Traffic Management
4.1 Routing
Path-based routing
Route requests based on URL path:
/api/v1/users→ user service/api/v1/orders→ order service/static/*→ CDN or file service
Each path prefix maps to exactly one upstream target. The gateway matches the longest prefix first.
Host-based routing
Route based on the Host HTTP header:
api.example.com→ API clusteradmin.example.com→ admin clusterws.example.com→ WebSocket cluster
Useful when multiple products or tenants share the same IP address. The gateway reads the hostname and forwards to the correct cluster before any application code runs.
4.2 Traffic Shaping
Rate limiting
Limit the number of requests a client can make in a time window. Client is identified by API key, user ID, or IP address.

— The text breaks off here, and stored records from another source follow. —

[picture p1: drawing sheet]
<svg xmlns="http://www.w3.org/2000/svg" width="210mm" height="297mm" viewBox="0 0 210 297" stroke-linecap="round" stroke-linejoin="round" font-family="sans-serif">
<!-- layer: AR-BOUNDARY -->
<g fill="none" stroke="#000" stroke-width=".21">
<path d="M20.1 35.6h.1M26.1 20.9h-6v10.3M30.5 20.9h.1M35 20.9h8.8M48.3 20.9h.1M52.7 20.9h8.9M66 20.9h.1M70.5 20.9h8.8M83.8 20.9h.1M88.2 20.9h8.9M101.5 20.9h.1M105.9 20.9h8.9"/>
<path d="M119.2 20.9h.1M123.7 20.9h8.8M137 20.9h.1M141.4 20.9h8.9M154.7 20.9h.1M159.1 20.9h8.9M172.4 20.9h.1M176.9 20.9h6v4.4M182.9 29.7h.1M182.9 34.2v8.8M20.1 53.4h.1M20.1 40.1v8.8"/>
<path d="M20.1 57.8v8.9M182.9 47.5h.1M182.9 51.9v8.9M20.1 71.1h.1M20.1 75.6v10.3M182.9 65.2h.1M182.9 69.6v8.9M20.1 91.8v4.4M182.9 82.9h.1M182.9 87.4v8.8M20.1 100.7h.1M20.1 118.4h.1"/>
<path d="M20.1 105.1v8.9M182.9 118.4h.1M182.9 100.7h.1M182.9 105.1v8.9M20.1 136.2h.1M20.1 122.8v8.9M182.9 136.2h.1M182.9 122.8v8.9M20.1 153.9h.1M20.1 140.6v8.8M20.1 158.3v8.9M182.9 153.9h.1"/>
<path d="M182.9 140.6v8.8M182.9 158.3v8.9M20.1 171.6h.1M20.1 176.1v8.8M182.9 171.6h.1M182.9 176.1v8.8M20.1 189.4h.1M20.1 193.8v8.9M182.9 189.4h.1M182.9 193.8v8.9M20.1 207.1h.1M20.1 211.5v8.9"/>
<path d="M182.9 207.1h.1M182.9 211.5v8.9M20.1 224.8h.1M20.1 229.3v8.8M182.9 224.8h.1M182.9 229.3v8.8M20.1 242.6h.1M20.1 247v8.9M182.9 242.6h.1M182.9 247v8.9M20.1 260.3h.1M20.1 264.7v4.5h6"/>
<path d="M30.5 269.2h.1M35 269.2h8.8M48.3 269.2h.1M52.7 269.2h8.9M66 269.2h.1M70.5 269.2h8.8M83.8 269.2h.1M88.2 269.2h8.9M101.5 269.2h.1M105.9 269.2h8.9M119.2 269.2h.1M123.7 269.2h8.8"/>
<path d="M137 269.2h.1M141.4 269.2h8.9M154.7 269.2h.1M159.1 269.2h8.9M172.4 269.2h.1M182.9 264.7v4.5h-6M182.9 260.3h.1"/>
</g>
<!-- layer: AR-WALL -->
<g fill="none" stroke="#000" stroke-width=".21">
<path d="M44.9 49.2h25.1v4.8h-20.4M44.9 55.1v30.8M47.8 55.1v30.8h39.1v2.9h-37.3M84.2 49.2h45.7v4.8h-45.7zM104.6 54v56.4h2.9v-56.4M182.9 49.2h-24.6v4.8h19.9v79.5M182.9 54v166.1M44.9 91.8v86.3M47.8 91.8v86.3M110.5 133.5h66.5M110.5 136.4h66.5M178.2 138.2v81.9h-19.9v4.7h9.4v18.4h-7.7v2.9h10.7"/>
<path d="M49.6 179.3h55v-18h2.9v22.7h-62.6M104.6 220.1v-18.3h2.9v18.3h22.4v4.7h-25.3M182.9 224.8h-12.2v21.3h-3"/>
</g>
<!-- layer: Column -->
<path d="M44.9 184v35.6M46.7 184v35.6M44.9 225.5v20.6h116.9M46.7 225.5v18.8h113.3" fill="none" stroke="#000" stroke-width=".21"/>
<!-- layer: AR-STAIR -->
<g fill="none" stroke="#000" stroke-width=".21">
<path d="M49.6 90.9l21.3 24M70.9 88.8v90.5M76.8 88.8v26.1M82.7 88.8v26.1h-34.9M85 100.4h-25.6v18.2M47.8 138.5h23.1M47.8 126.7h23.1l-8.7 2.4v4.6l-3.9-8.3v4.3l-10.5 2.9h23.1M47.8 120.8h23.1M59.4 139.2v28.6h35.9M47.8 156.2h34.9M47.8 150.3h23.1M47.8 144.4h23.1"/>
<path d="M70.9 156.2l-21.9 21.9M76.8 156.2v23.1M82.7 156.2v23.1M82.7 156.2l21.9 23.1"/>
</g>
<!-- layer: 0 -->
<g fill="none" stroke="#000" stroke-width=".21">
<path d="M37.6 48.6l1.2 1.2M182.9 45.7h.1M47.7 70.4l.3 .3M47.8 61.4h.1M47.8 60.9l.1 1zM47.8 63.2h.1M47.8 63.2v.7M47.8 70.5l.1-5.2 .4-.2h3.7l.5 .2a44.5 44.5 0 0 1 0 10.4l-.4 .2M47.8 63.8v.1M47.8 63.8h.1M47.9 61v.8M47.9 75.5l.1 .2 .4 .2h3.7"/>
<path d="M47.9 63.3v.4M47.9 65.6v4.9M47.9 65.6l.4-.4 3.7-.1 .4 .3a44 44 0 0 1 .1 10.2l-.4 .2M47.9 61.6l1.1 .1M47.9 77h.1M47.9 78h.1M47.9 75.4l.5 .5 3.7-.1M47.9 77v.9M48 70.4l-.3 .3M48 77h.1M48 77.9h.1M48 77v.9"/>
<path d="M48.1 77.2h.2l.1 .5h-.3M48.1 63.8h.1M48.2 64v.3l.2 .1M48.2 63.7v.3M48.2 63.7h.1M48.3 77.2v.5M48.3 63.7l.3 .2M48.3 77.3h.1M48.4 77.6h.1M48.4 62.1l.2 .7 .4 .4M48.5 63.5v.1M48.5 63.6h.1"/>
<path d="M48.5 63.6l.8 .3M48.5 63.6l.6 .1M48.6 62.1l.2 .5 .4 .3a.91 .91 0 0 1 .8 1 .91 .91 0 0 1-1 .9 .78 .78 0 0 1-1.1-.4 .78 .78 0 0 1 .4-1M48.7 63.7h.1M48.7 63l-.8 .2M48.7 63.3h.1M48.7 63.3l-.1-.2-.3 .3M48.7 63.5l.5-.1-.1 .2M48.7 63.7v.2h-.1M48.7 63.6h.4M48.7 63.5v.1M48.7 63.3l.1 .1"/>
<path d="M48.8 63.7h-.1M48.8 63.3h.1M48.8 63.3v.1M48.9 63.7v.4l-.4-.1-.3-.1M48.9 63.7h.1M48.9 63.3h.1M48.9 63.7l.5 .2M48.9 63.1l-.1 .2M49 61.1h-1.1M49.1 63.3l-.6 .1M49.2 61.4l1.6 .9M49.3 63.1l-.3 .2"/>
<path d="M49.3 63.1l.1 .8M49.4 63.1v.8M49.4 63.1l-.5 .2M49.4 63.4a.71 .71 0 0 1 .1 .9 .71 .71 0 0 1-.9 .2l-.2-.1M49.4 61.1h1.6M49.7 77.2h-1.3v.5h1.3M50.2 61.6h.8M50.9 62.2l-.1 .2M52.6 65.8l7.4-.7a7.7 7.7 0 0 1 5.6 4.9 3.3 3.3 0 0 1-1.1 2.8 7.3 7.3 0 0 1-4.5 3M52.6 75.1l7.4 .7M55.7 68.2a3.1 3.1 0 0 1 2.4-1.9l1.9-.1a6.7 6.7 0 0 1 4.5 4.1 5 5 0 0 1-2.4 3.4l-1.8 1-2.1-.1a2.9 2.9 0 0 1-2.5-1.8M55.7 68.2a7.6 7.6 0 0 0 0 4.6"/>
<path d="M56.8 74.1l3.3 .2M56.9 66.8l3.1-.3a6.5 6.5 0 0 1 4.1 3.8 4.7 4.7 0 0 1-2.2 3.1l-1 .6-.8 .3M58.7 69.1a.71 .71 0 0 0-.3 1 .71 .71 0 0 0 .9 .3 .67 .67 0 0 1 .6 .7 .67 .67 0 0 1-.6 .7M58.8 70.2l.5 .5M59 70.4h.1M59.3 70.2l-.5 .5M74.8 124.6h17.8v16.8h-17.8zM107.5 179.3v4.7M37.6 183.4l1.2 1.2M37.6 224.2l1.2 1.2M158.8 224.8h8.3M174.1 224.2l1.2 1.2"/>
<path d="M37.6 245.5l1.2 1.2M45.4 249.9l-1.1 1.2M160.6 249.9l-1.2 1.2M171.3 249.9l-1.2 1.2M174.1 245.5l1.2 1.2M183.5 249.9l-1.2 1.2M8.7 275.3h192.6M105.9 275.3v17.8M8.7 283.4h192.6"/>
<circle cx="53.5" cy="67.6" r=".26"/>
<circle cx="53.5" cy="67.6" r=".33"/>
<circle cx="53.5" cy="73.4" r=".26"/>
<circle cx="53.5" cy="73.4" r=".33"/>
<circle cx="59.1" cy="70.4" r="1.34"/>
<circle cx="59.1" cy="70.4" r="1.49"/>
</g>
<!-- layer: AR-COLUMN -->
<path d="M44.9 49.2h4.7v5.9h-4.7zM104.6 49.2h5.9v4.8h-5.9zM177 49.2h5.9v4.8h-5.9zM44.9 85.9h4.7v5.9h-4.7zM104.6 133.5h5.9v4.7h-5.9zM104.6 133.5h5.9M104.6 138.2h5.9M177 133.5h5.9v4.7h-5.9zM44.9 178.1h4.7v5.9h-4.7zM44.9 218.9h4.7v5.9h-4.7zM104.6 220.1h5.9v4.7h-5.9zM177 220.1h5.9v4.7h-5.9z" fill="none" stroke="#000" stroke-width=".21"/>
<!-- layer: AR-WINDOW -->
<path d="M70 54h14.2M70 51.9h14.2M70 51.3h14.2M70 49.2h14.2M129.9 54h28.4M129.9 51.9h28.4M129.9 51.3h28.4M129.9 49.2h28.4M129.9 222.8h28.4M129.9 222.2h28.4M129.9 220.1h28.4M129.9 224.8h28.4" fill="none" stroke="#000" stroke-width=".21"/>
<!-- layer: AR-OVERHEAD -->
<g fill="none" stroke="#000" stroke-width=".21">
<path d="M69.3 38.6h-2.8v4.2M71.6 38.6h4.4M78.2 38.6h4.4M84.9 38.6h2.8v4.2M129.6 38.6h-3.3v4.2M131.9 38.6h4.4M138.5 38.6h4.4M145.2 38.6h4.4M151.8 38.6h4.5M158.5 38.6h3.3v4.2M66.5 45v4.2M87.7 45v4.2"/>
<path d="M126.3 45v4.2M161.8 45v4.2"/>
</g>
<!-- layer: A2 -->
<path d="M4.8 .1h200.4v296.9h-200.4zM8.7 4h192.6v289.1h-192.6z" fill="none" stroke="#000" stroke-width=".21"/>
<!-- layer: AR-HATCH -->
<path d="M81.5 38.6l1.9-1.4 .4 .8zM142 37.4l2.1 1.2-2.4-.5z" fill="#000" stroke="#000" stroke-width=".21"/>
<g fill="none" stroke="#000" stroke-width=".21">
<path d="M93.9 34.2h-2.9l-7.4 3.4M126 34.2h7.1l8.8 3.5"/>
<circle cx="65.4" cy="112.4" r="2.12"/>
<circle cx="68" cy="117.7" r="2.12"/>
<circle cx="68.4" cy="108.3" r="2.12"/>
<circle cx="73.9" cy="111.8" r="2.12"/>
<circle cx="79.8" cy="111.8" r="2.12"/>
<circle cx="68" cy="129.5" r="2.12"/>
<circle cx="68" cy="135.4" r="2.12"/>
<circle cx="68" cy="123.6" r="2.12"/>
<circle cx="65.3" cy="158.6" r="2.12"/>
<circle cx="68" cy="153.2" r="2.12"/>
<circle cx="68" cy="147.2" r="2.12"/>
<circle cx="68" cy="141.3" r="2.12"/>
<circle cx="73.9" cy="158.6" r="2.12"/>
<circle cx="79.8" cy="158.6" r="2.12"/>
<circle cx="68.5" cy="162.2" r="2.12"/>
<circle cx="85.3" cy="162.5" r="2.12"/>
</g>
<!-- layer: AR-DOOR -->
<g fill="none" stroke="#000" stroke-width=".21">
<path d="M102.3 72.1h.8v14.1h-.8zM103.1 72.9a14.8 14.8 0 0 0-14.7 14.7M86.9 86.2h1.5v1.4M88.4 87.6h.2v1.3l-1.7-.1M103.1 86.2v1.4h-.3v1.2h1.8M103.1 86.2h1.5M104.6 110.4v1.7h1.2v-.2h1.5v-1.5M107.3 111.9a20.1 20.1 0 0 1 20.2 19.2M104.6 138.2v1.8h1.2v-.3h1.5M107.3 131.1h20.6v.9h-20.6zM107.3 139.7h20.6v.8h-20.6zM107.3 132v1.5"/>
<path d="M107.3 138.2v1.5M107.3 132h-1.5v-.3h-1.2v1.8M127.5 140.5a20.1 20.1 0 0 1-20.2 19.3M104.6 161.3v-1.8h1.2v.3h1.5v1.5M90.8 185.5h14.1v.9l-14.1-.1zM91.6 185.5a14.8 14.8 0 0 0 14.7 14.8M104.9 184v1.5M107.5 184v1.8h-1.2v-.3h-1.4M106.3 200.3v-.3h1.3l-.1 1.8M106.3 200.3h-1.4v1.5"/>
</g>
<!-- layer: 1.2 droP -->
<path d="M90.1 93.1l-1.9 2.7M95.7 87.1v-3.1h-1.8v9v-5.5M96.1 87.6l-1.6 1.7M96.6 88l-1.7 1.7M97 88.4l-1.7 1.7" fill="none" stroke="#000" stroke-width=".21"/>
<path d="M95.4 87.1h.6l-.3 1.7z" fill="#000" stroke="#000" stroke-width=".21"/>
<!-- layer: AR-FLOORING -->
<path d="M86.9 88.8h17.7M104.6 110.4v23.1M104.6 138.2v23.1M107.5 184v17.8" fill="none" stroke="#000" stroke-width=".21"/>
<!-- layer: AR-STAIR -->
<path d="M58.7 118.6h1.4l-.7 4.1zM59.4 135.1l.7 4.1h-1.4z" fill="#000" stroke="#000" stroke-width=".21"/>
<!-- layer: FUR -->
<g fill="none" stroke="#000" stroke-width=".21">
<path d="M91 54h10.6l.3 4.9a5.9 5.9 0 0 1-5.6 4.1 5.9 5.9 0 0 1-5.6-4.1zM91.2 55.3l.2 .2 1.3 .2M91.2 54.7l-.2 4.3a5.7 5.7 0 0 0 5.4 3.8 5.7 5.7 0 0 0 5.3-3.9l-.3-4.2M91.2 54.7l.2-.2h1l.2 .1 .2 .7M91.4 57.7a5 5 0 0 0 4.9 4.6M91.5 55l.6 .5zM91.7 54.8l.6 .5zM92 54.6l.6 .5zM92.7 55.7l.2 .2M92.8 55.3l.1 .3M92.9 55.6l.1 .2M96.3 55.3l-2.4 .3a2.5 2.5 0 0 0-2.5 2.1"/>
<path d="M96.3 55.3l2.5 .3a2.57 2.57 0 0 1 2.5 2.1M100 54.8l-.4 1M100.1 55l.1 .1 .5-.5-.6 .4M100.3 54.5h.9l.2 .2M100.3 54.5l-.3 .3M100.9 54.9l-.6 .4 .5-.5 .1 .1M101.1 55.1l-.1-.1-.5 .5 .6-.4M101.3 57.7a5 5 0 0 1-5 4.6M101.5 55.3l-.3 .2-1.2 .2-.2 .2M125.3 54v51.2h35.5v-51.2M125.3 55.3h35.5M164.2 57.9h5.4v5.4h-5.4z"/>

When the limit is exceeded, return 429 Too Many Requests with a Retry-After header.
Common algorithms:
| Algorithm | How it works | Best for |
|---|---|---|
| Fixed window | Count resets every N seconds | Simple cases |
| Sliding window | Count over a rolling time range | Smoother enforcement |
| Token bucket | Add tokens at a fixed rate; each request consumes one | Burst tolerance |
| Leaky bucket | Queue requests and drain at fixed rate | Strict output rate |
Apply rate limiting at the API gateway level — before requests reach backend services. This protects services from overload and abuse without any code changes in services.
Throttling
Throttling is softer than rate limiting. Instead of rejecting excess requests, it slows them down.
- Excess requests enter a queue and are processed with a delay.
- The client waits but eventually gets a response.
- Use when short bursts are acceptable but sustained overload is not.
When to choose throttling vs rate limiting: Use rate limiting when you want hard limits (pay-per-use APIs, abuse prevention). Use throttling when you want smooth flow control with no client errors during mild spikes.
4.3 Canary Releases
Gradually roll out a new version by routing a small percentage of traffic to it.
All traffic → Load Balancer
95% → Service v1 (stable)
5% → Service v2 (canary)
Process: 1. Deploy v2 alongside v1. Route 5% of traffic to v2. 2. Monitor error rate, latency, and business metrics on v2. 3. If healthy: increase percentage — 5% → 25% → 50% → 100%. 4. If errors spike: route all traffic back to v1 immediately.
Implementation options:
- NGINX upstream with weight directive
- Envoy weighted clusters
- AWS ALB weighted target groups
- Istio VirtualService with traffic weights
Canary is the preferred strategy when risk reduction matters more than speed of rollout.
4.4 Blue-Green Deployment
Two identical production environments: Blue (current) and Green (new version).
Flow: 1. Green is deployed and tested fully while Blue serves all traffic. 2. Switch: the load balancer routes all traffic from Blue to Green. Instant cutover. 3. Blue stays idle as a rollback target. 4. If issues appear, switch back to Blue in seconds.
Zero downtime. No gradual rollout — it is all-or-nothing.
vs Canary:
| Aspect | Blue-Green | Canary |
|---|---|---|
| Rollout speed | Instant | Gradual |
| Risk exposure | All users at once | Small group first |
| Rollback speed | Instant | Instant |
| Infrastructure cost | 2x during switch | Low |
Use Blue-Green when you need fast rollback and can afford 2x infrastructure briefly. Use Canary when you want to validate with real users before full rollout.
4.5 Failover
Active-passive
- Primary server handles all traffic.
- Standby server is idle, ready to take over.
- On primary failure: load balancer detects via health check and routes all traffic to standby.
- Standby needs 10–60 seconds to become fully active.
Trade-offs: Lower cost (standby does nothing), but brief downtime during failover. Use when cost matters more than zero-downtime availability.
Active-active
- Multiple servers handle traffic simultaneously.
- On one server failure: remaining servers absorb the load automatically.
- No failover delay — traffic is already distributed.
Trade-offs: Higher cost (all servers active), but no downtime. Use when your SLA requires continuous availability and no tolerance for even brief outages.
Key decision factor: Does your system tolerate 10–60 seconds of downtime? If yes, active-passive. If no, active-active.